Task requirements - After checking the listing below, say how many of its lines contain the string "ezdxf". Only the number is needed.

Input records -
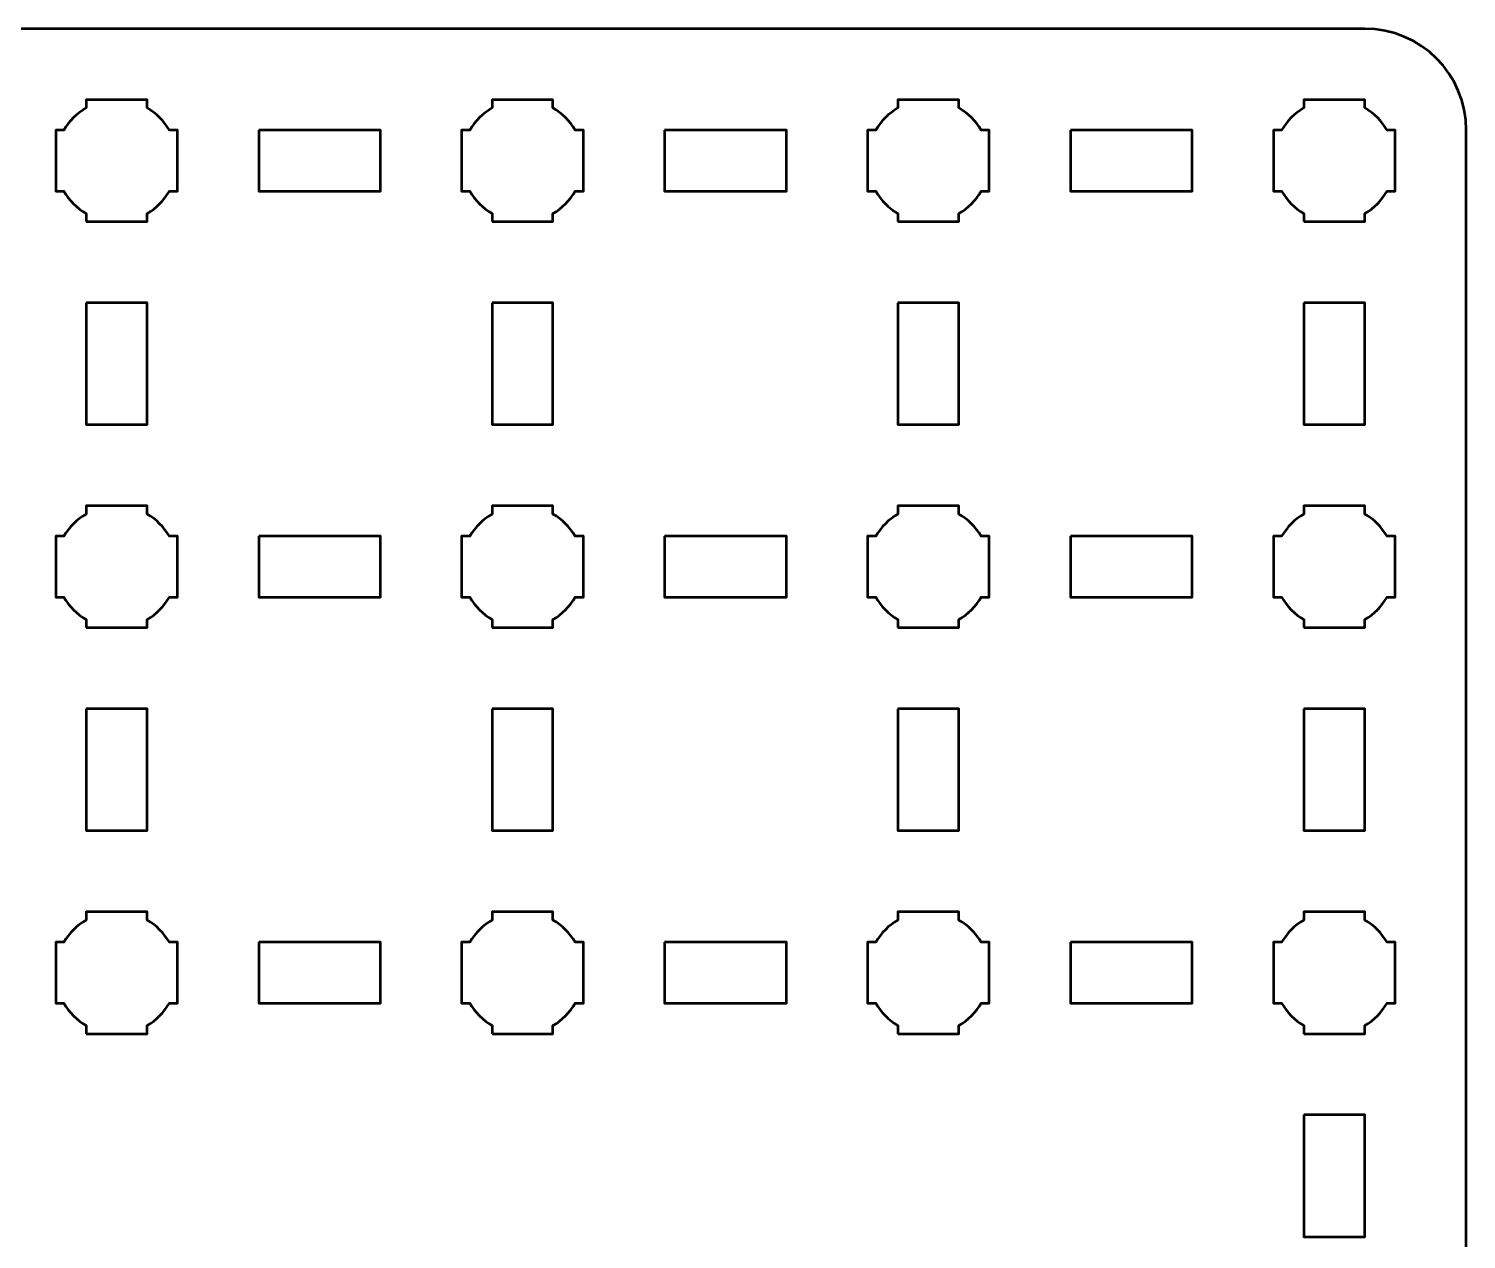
# Model space of a CAD drawing. Header units: centimetres. Extents: x -244 to 242, y -245 to 234.
# Drawn here: x -220.93 to -213.85, y -106.16 to -100.2 of the extents above; entities that cross this region are included whole.
import ezdxf

# ---------------------------------------------------------------- set-up
doc = ezdxf.new("R2010")
doc.units = ezdxf.units.CM
doc.header["$MEASUREMENT"] = 0
doc.layers.add('Layer 1', color=7, linetype='Continuous')

msp = doc.modelspace()

# ---------------------------------------------------------------- linework, layer by layer
at = {"layer": 'Layer 1', "lineweight": 53}
for points, knots in [([(-222.64995, -100.19995), (-222.64995, -100.19995), (-214.35005, -100.19995), (-214.35005, -100.19995), (-214.35005, -100.19995), (-214.07305, -100.19995), (-213.84995, -100.42305), (-213.84995, -100.70005), (-213.84995, -100.70005), (-213.84995, -100.70005), (-213.84995, -112.99995), (-213.84995, -112.99995), (-213.84995, -112.99995), (-213.84995, -113.27695), (-214.07305, -113.50005), (-214.35005, -113.50005), (-214.35005, -113.50005), (-214.35005, -113.50005), (-222.64995, -113.50005), (-222.64995, -113.50005), (-222.64995, -113.50005), (-222.92695, -113.50005), (-223.15005, -113.27695), (-223.15005, -112.99995), (-223.15005, -112.99995), (-223.15005, -112.99995), (-223.15005, -100.70005), (-223.15005, -100.70005), (-223.15005, -100.70005), (-223.15005, -100.42305), (-222.92695, -100.19995), (-222.64995, -100.19995)], [0, 0, 0, 0, 0.125, 0.125, 0.125, 0.125, 0.25, 0.25, 0.25, 0.25, 0.375, 0.375, 0.375, 0.375, 0.5, 0.5, 0.5, 0.5, 0.625, 0.625, 0.625, 0.625, 0.75, 0.75, 0.75, 0.75, 0.875, 0.875, 0.875, 0.875, 1, 1, 1, 1]), ([(-220.65002, -101.14998), (-220.65002, -101.14998), (-220.65002, -101.10987), (-220.65002, -101.10987), (-220.65002, -101.10987), (-220.69549, -101.08355), (-220.73352, -101.04552), (-220.75984, -101.00005), (-220.75984, -101.00005), (-220.75984, -101.00005), (-220.79995, -101.00005), (-220.79995, -101.00005), (-220.79995, -101.00005), (-220.79995, -101.00005), (-220.79995, -100.84998), (-220.79995, -100.84998), (-220.79995, -100.84998), (-220.79995, -100.84998), (-220.79995, -100.70005), (-220.79995, -100.70005), (-220.79995, -100.70005), (-220.79995, -100.70005), (-220.75984, -100.70005), (-220.75984, -100.70005), (-220.75984, -100.70005), (-220.73352, -100.65444), (-220.69549, -100.61651), (-220.65002, -100.59019), (-220.65002, -100.59019), (-220.65002, -100.59019), (-220.65002, -100.54998), (-220.65002, -100.54998), (-220.65002, -100.54998), (-220.65002, -100.54998), (-220.49995, -100.54998), (-220.49995, -100.54998), (-220.49995, -100.54998), (-220.49995, -100.54998), (-220.35002, -100.54998), (-220.35002, -100.54998), (-220.35002, -100.54998), (-220.35002, -100.54998), (-220.35002, -100.59019), (-220.35002, -100.59019), (-220.35002, -100.59019), (-220.30454, -100.61651), (-220.26651, -100.65444), (-220.2402, -100.70005), (-220.2402, -100.70005), (-220.2402, -100.70005), (-220.19994, -100.70005), (-220.19994, -100.70005), (-220.19994, -100.70005), (-220.19994, -100.70005), (-220.19994, -100.84998), (-220.19994, -100.84998), (-220.19994, -100.84998), (-220.19994, -100.84998), (-220.19994, -101.00005), (-220.19994, -101.00005), (-220.19994, -101.00005), (-220.19994, -101.00005), (-220.2402, -101.00005), (-220.2402, -101.00005), (-220.2402, -101.00005), (-220.26651, -101.04552), (-220.30454, -101.08355), (-220.35002, -101.10987), (-220.35002, -101.10987), (-220.35002, -101.10987), (-220.35002, -101.14998), (-220.35002, -101.14998), (-220.35002, -101.14998), (-220.35002, -101.14998), (-220.49995, -101.14998), (-220.49995, -101.14998), (-220.49995, -101.14998), (-220.49995, -101.14998), (-220.65002, -101.14998), (-220.65002, -101.14998)], [0, 0, 0, 0, 0.05, 0.05, 0.05, 0.05, 0.1, 0.1, 0.1, 0.1, 0.15, 0.15, 0.15, 0.15, 0.2, 0.2, 0.2, 0.2, 0.25, 0.25, 0.25, 0.25, 0.3, 0.3, 0.3, 0.3, 0.35, 0.35, 0.35, 0.35, 0.4, 0.4, 0.4, 0.4, 0.45, 0.45, 0.45, 0.45, 0.5, 0.5, 0.5, 0.5, 0.55, 0.55, 0.55, 0.55, 0.6, 0.6, 0.6, 0.6, 0.65, 0.65, 0.65, 0.65, 0.7, 0.7, 0.7, 0.7, 0.75, 0.75, 0.75, 0.75, 0.8, 0.8, 0.8, 0.8, 0.85, 0.85, 0.85, 0.85, 0.9, 0.9, 0.9, 0.9, 0.95, 0.95, 0.95, 0.95, 1, 1, 1, 1]), ([(-218.65009, -101.14998), (-218.65009, -101.14998), (-218.65009, -101.10987), (-218.65009, -101.10987), (-218.65009, -101.10987), (-218.69556, -101.08355), (-218.73345, -101.04552), (-218.75991, -101.00005), (-218.75991, -101.00005), (-218.75991, -101.00005), (-218.80002, -101.00005), (-218.80002, -101.00005), (-218.80002, -101.00005), (-218.80002, -101.00005), (-218.80002, -100.84998), (-218.80002, -100.84998), (-218.80002, -100.84998), (-218.80002, -100.84998), (-218.80002, -100.70005), (-218.80002, -100.70005), (-218.80002, -100.70005), (-218.80002, -100.70005), (-218.75991, -100.70005), (-218.75991, -100.70005), (-218.75991, -100.70005), (-218.73345, -100.65444), (-218.69556, -100.61651), (-218.65009, -100.59019), (-218.65009, -100.59019), (-218.65009, -100.59019), (-218.65009, -100.54998), (-218.65009, -100.54998), (-218.65009, -100.54998), (-218.65009, -100.54998), (-218.50001, -100.54998), (-218.50001, -100.54998), (-218.50001, -100.54998), (-218.50001, -100.54998), (-218.35009, -100.54998), (-218.35009, -100.54998), (-218.35009, -100.54998), (-218.35009, -100.54998), (-218.35009, -100.59019), (-218.35009, -100.59019), (-218.35009, -100.59019), (-218.30448, -100.61651), (-218.26656, -100.65444), (-218.24024, -100.70005), (-218.24024, -100.70005), (-218.24024, -100.70005), (-218.20002, -100.70005), (-218.20002, -100.70005), (-218.20002, -100.70005), (-218.20002, -100.70005), (-218.20002, -100.84998), (-218.20002, -100.84998), (-218.20002, -100.84998), (-218.20002, -100.84998), (-218.20002, -101.00005), (-218.20002, -101.00005), (-218.20002, -101.00005), (-218.20002, -101.00005), (-218.24024, -101.00005), (-218.24024, -101.00005), (-218.24024, -101.00005), (-218.26656, -101.04552), (-218.30448, -101.08355), (-218.35009, -101.10987), (-218.35009, -101.10987), (-218.35009, -101.10987), (-218.35009, -101.14998), (-218.35009, -101.14998), (-218.35009, -101.14998), (-218.35009, -101.14998), (-218.50001, -101.14998), (-218.50001, -101.14998), (-218.50001, -101.14998), (-218.50001, -101.14998), (-218.65009, -101.14998), (-218.65009, -101.14998)], [0, 0, 0, 0, 0.05, 0.05, 0.05, 0.05, 0.1, 0.1, 0.1, 0.1, 0.15, 0.15, 0.15, 0.15, 0.2, 0.2, 0.2, 0.2, 0.25, 0.25, 0.25, 0.25, 0.3, 0.3, 0.3, 0.3, 0.35, 0.35, 0.35, 0.35, 0.4, 0.4, 0.4, 0.4, 0.45, 0.45, 0.45, 0.45, 0.5, 0.5, 0.5, 0.5, 0.55, 0.55, 0.55, 0.55, 0.6, 0.6, 0.6, 0.6, 0.65, 0.65, 0.65, 0.65, 0.7, 0.7, 0.7, 0.7, 0.75, 0.75, 0.75, 0.75, 0.8, 0.8, 0.8, 0.8, 0.85, 0.85, 0.85, 0.85, 0.9, 0.9, 0.9, 0.9, 0.95, 0.95, 0.95, 0.95, 1, 1, 1, 1]), ([(-216.64999, -101.14998), (-216.64999, -101.14998), (-216.64999, -101.10987), (-216.64999, -101.10987), (-216.64999, -101.10987), (-216.6956, -101.08355), (-216.73349, -101.04552), (-216.75981, -101.00005), (-216.75981, -101.00005), (-216.75981, -101.00005), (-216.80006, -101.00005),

Result below - 3